→ ABOUT THIS EXERCISE:
Your answer is the lines below, exactly, from the one that contains "line L5 (-15.2, -31)" through the one that contains "line L49 (15.2, -4.5)", both included.

Stored items
--- --- ---

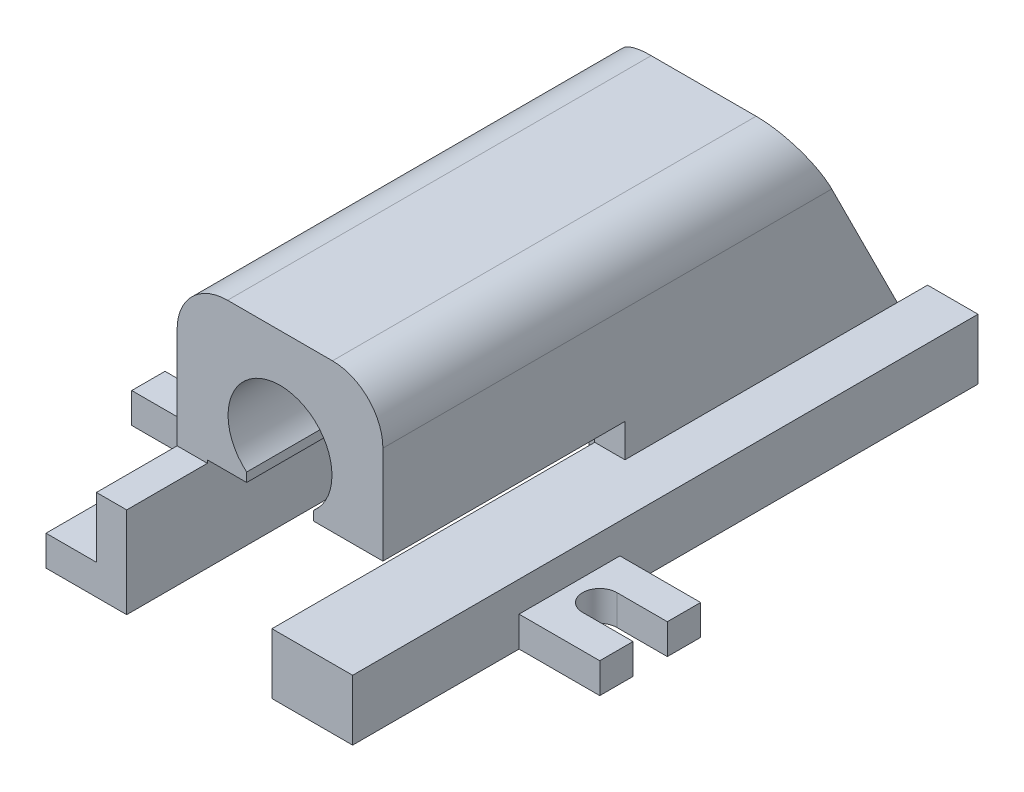
SolidWorks part; units mm, degrees
note: The reader was unsure of these and kept them because the rebuilt part matched: shared geometry of "Sketch15<6>".
ref_plane "Front Plane" through (0, 0, 0) normal (0, 0, 1) x (1, 0, 0)
ref_plane "Top Plane" through (0, 0, 0) normal (0, 1, 0) x (1, 0, 0)
ref_plane "Right Plane" through (0, 0, 0) normal (1, 0, 0) x (0, 0, -1)
sketch "Sketch1" plane through (0, 0, 0) normal (0, 1, 0) x (1, 0, 0)
  line L0 (0, -25.3554) -> (0, 0) construction
  line L1 (-15.2, -31) -> (-7.2, -31)
  line L2 (-15.2, -31) -> (-15.2, -14.5)
  line L3 (-15.2, 31) -> (15.2, 31)
  line L4 (15.2, -31) -> (15.2, -14.5)
  line L5 (-15.2, -31) -> (15.2, 31) construction
  line L6 (-15.2, 31) -> (15.2, -31) construction
  line L7 (7.2, -31) -> (15.2, -31)
  line L8 (-7.2, 26) -> (7.2, 26)
  line L9 (-7.2, 26) -> (-7.2, -31)
  line L11 (7.2, 26) -> (7.2, -31)
  line L12 (-7.2, 26) -> (7.2, -31) construction
  line L13 (-7.2, -31) -> (7.2, 26) construction
  line L14 (-18.2, -11.2) -> (-23.2, -11.2)
  line L17 (-15.2, -4.5) -> (-15.2, 31)
  line L22 (15.2, -4.5) -> (15.2, 31)
  line L23 (7.2, 5) -> (2.65, 5)
  line L24 (-7.2, 26) -> (-2.65, 26)
  line L25 (-7.2, 26) -> (-7.2, 5)
  line L26 (-7.2, 5) -> (-2.65, 5)
  line L27 (-2.65, 26) -> (-2.65, 5)
  line L28 (2.65, 26) -> (2.65, 5)
  line L29 (7.2, 26) -> (2.65, 26)
  line L30 (7.2, 26) -> (7.2, 5)
  line L31 (7.2, -9.5) -> (19.2, -9.5) construction
  line L32 (18.2, -9.5) -> (23.2, -9.5) construction
  line L33 (23.2, -14.5) -> (15.2, -14.5)
  line L34 (23.2, -14.5) -> (23.2, -4.5)
  line L35 (23.2, -4.5) -> (15.2, -4.5)
  line L37 (23.2, -14.5) -> (15.2, -4.5) construction
  line L38 (23.2, -4.5) -> (15.2, -14.5) construction
  line L39 (18.2, -7.8) -> (23.2, -7.8)
  line L40 (18.2, -11.2) -> (23.2, -11.2)
  line L41 (-18.2, -7.8) -> (-23.2, -7.8)
  line L44 (-23.2, -14.5) -> (-15.2, -14.5)
  line L45 (-23.2, -14.5) -> (-15.2, -4.5) construction
  line L46 (-23.2, -4.5) -> (-15.2, -14.5) construction
  line L47 (-23.2, -14.5) -> (-23.2, -11.2)
  line L48 (-23.2, -4.5) -> (-15.2, -4.5)
  line L49 (15.2, -4.5) -> (15.2, -14.5) construction
  line L50 (23.2, -7.8) -> (23.2, -11.2)
  line L52 (-23.2, -7.8) -> (-23.2, -4.5)
  arc A5 (18.2, -7.8) -> (18.2, -11.2) centre (18.2, -9.5) ccw
  arc A6 (-18.2, -7.8) -> (-18.2, -11.2) centre (-18.2, -9.5) cw
  point P0 (0, 0)
  point P8 (0, -2.5)
  point P27 (24.0579, -9.5)
  dimension "D5" = 3
  dimension "D8" = 2.65
  dimension "D13" = 1.7
  dimension "D1" = 14.4
  dimension "D2" = 57
  dimension "D3" = 5
  dimension "D4" = 8
  dimension "D9" = 36
  dimension "D10" = 21.5
  dimension "D11" = 8
  dimension "D12" = 10
extrude "Boss-Extrude1" add sketch "Sketch1" along normal blind 3 contours L11 L7 L4 L33 L34 L35 L22 L3 L17 L48 L52 L41 A6 L14 L47 L44 L2 L1 L9 L8 | L25 L24 L27 L26 | L30 L23 L28 L29 | L50 L40 A5 L39
fillet "Fillet1" radius 5 1 edges at (-15.2, 1.5, -31)
sketch "Sketch2" plane through (0, 0, -26) normal (0, 0, 1) x (1, 0, 0)
  line L0 (0, 0) -> (0, 3) construction
  line L1 (-2.65, 0) -> (2.65, 0) construction
  line L2 (-2.65, 3) -> (2.65, 3) construction
  line L4 (-2.5, 0) -> (2.5, 0)
  line L5 (-2.5, 0) -> (-2.5, 3)
  line L6 (-2.5, 3) -> (2.5, 3)
  line L7 (2.5, 0) -> (2.5, 3)
  line L8 (-2.5, 0) -> (2.5, 3) construction
  line L9 (-2.5, 3) -> (2.5, 0) construction
  point P6 (0, 1.5)
  dimension "D1" = 5
sketch "Sketch3" plane through (0, 3, 0) normal (0, 1, 0) x (1, 0, 0)
  line L6 (-10.2, 29) -> (-10.2, -31)
  line L7 (-10.2, 29) -> (10.2, 29)
  line L8 (10.2, 29) -> (10.2, -31)
  line L17 (-7.2, 26) -> (7.2, 26) construction
  line L18 (-7.2, 26) -> (-7.2, -31) construction
  line L19 (7.2, 26) -> (7.2, -31) construction
  line L20 (-2.65, 26) -> (2.65, 26)
  line L21 (-7.2, 5) -> (-7.2, -31)
  line L22 (7.2, 5) -> (7.2, -31)
  line L26 (-7.2, 5) -> (-2.65, 5) construction
  line L27 (-2.65, 26) -> (-2.65, 5) construction
  line L28 (7.2, 5) -> (2.65, 5) construction
  line L32 (2.65, 26) -> (2.65, 5) construction
  line L33 (-7.2, 5) -> (-2.65, 5)
  line L34 (-2.65, 26) -> (-2.65, 5)
  line L35 (7.2, 5) -> (2.65, 5)
  line L36 (2.65, 26) -> (2.65, 5)
  line L37 (-7.2, 26) -> (7.2, 26) construction
  line L38 (-7.2, 26) -> (-7.2, -31) construction
  line L39 (7.2, 26) -> (7.2, -31) construction
  line M11 (-15.2, -31) -> (-7.2, -31)
  line M12 (-7.2, -31) -> (-7.2, 5)
  line M13 (-2.65, 26) -> (2.65, 26)
  line M14 (7.2, 5) -> (7.2, -31)
  line M15 (7.2, -31) -> (15.2, -31)
  dimension "D1" = 3
extrude "Boss-Extrude2" add sketch "Sketch3" along normal blind 6 contours L20 L22 L8 L7 L6 L21 M14 M15 M11 M12 M13
sketch "Sketch9" plane through (0, 9, 0) normal (0, 1, 0) x (1, 0, 0)
  line L0 (0, 0) -> (0, 29) construction
  line L3 (-10.2, -23) -> (-10.2, 29)
  line L4 (-10.2, 29) -> (10.2, 29)
  line L5 (10.2, -23) -> (10.2, 29)
  line L6 (-10.2, -23) -> (10.2, 29) construction
  line L7 (-10.2, 29) -> (10.2, -23) construction
  line L8 (0, 0) -> (0, -23) construction
  line L10 (-10.2, -23) -> (10.2, -23)
  line L11 (7.2, -31) -> (10.2, -31) construction
  point P3 (0, 3)
  dimension "D1" = 8
extrude "Boss-Extrude4" add sketch "Sketch9" along normal blind 15
sketch "Sketch15" plane through (0, 0, 23) normal (0, 0, 1) x (1, 0, 0)
  line L0 (0, 9) -> (0, 24) construction
  line L1 (-7.2, 9) -> (7.2, 9) construction
  line L2 (-10.2, 24) -> (10.2, 24) construction
  line L3 (-3.3045, 10.2) -> (-3.3045, 9.3)
  line L4 (3.3045, 10.2) -> (3.3045, 9.3)
  line L5 (-3.3045, 9) -> (3.3045, 9)
  line L6 (-7.2, 9) -> (-7.2, 0) construction
  line L7 (7.2, 9) -> (7.2, 0) construction
  line L8 (-7.2, 9) -> (-7.2, 0)
  line L9 (7.2, 9) -> (7.2, 0)
  line L10 (-3.3045, 9.3) -> (-7.2, 9.3)
  line L11 (7.2, 9) -> (-7.2, 9)
  line L12 (7.2, 9) -> (7.2, 9.3)
  line L13 (7.2, 9.3) -> (3.3045, 9.3)
  line L14 (-7.2, 9) -> (-7.2, 9.3)
  arc A0 (3.3045, 10.2) -> (-3.3045, 10.2) centre (0, 14.15) ccw
  circle A1 centre (0, 14.15) radius 1.5
  line M3 (-7.2, 9) -> (7.2, 9)
  dimension "D1" = 10.3
  dimension "D4" = 3
  dimension "D2" = 1.2
  dimension "D3" = 0.3
chamfer "Chamfer4" distance 20 distance2 10 1 edges at (0, 24, -29)
fillet "Fillet5" radius 5 2 edges at (10.2, 24, 2) (-10.2, 24, 2)
extrude "Cut-Extrude6" cut sketch "Sketch15" against normal up to surface (28 mm away) contours L0 A0 L3 L10 L14 M3 | L0 L11 L12 L13 L4 A0 M3 | A1
extrude "Cut-Extrude7" cut sketch "Sketch15<6>" against normal through all contours L0 A1 | A1 L0
sketch "Sketch15<6>" plane through (0, 0, 23) normal (0, 0, 1) x (1, 0, 0) same geometry as "Sketch15"
sketch "Sketch16" plane through (10.2, 0, 0) normal (1, 0, 0) x (0, 0, -1)
  line L0 (-31, 9) -> (-31, 3) construction
  line L1 (-31, 6) -> (1, 6)
  line L2 (-31, 6) -> (-31, 9.3)
  line L3 (-31, 9.3) -> (1, 9.3)
  line L4 (1, 6) -> (1, 9.3)
  line L5 (-23, 9) -> (-31, 9) construction
  point P6 (0, 0)
  dimension "D1" = 0.3
  dimension "D2" = 3
  dimension "D3" = 32
extrude "Cut-Extrude8" cut sketch "Sketch16" against normal up to surface (3 mm away) up to face at (7.2, 6.1, 16.3333)
sketch "Sketch17" plane through (0, 3, 0) normal (0, 1, 0) x (1, 0, 0)
  line L0 (-15.2, 31) -> (15.2, 31) construction
  line L1 (15.2, -31) -> (10.2, -31)
  line L2 (15.2, -31) -> (15.2, 31)
  line L3 (15.2, 31) -> (10.2, 31)
  line L4 (10.2, -31) -> (10.2, 31)
  line L5 (10.2, 29) -> (10.2, -31) construction
extrude "Boss-Extrude5" add sketch "Sketch17" along normal up to surface (3 mm away) up to face at (8.7, 6, 15)

--- --- ---

→ EXERCISE RESPONSE:
  line L5 (-15.2, -31) -> (15.2, 31) construction
  line L6 (-15.2, 31) -> (15.2, -31) construction
  line L7 (7.2, -31) -> (15.2, -31)
  line L8 (-7.2, 26) -> (7.2, 26)
  line L9 (-7.2, 26) -> (-7.2, -31)
  line L11 (7.2, 26) -> (7.2, -31)
  line L12 (-7.2, 26) -> (7.2, -31) construction
  line L13 (-7.2, -31) -> (7.2, 26) construction
  line L14 (-18.2, -11.2) -> (-23.2, -11.2)
  line L17 (-15.2, -4.5) -> (-15.2, 31)
  line L22 (15.2, -4.5) -> (15.2, 31)
  line L23 (7.2, 5) -> (2.65, 5)
  line L24 (-7.2, 26) -> (-2.65, 26)
  line L25 (-7.2, 26) -> (-7.2, 5)
  line L26 (-7.2, 5) -> (-2.65, 5)
  line L27 (-2.65, 26) -> (-2.65, 5)
  line L28 (2.65, 26) -> (2.65, 5)
  line L29 (7.2, 26) -> (2.65, 26)
  line L30 (7.2, 26) -> (7.2, 5)
  line L31 (7.2, -9.5) -> (19.2, -9.5) construction
  line L32 (18.2, -9.5) -> (23.2, -9.5) construction
  line L33 (23.2, -14.5) -> (15.2, -14.5)
  line L34 (23.2, -14.5) -> (23.2, -4.5)
  line L35 (23.2, -4.5) -> (15.2, -4.5)
  line L37 (23.2, -14.5) -> (15.2, -4.5) construction
  line L38 (23.2, -4.5) -> (15.2, -14.5) construction
  line L39 (18.2, -7.8) -> (23.2, -7.8)
  line L40 (18.2, -11.2) -> (23.2, -11.2)
  line L41 (-18.2, -7.8) -> (-23.2, -7.8)
  line L44 (-23.2, -14.5) -> (-15.2, -14.5)
  line L45 (-23.2, -14.5) -> (-15.2, -4.5) construction
  line L46 (-23.2, -4.5) -> (-15.2, -14.5) construction
  line L47 (-23.2, -14.5) -> (-23.2, -11.2)
  line L48 (-23.2, -4.5) -> (-15.2, -4.5)
  line L49 (15.2, -4.5) -> (15.2, -14.5) construction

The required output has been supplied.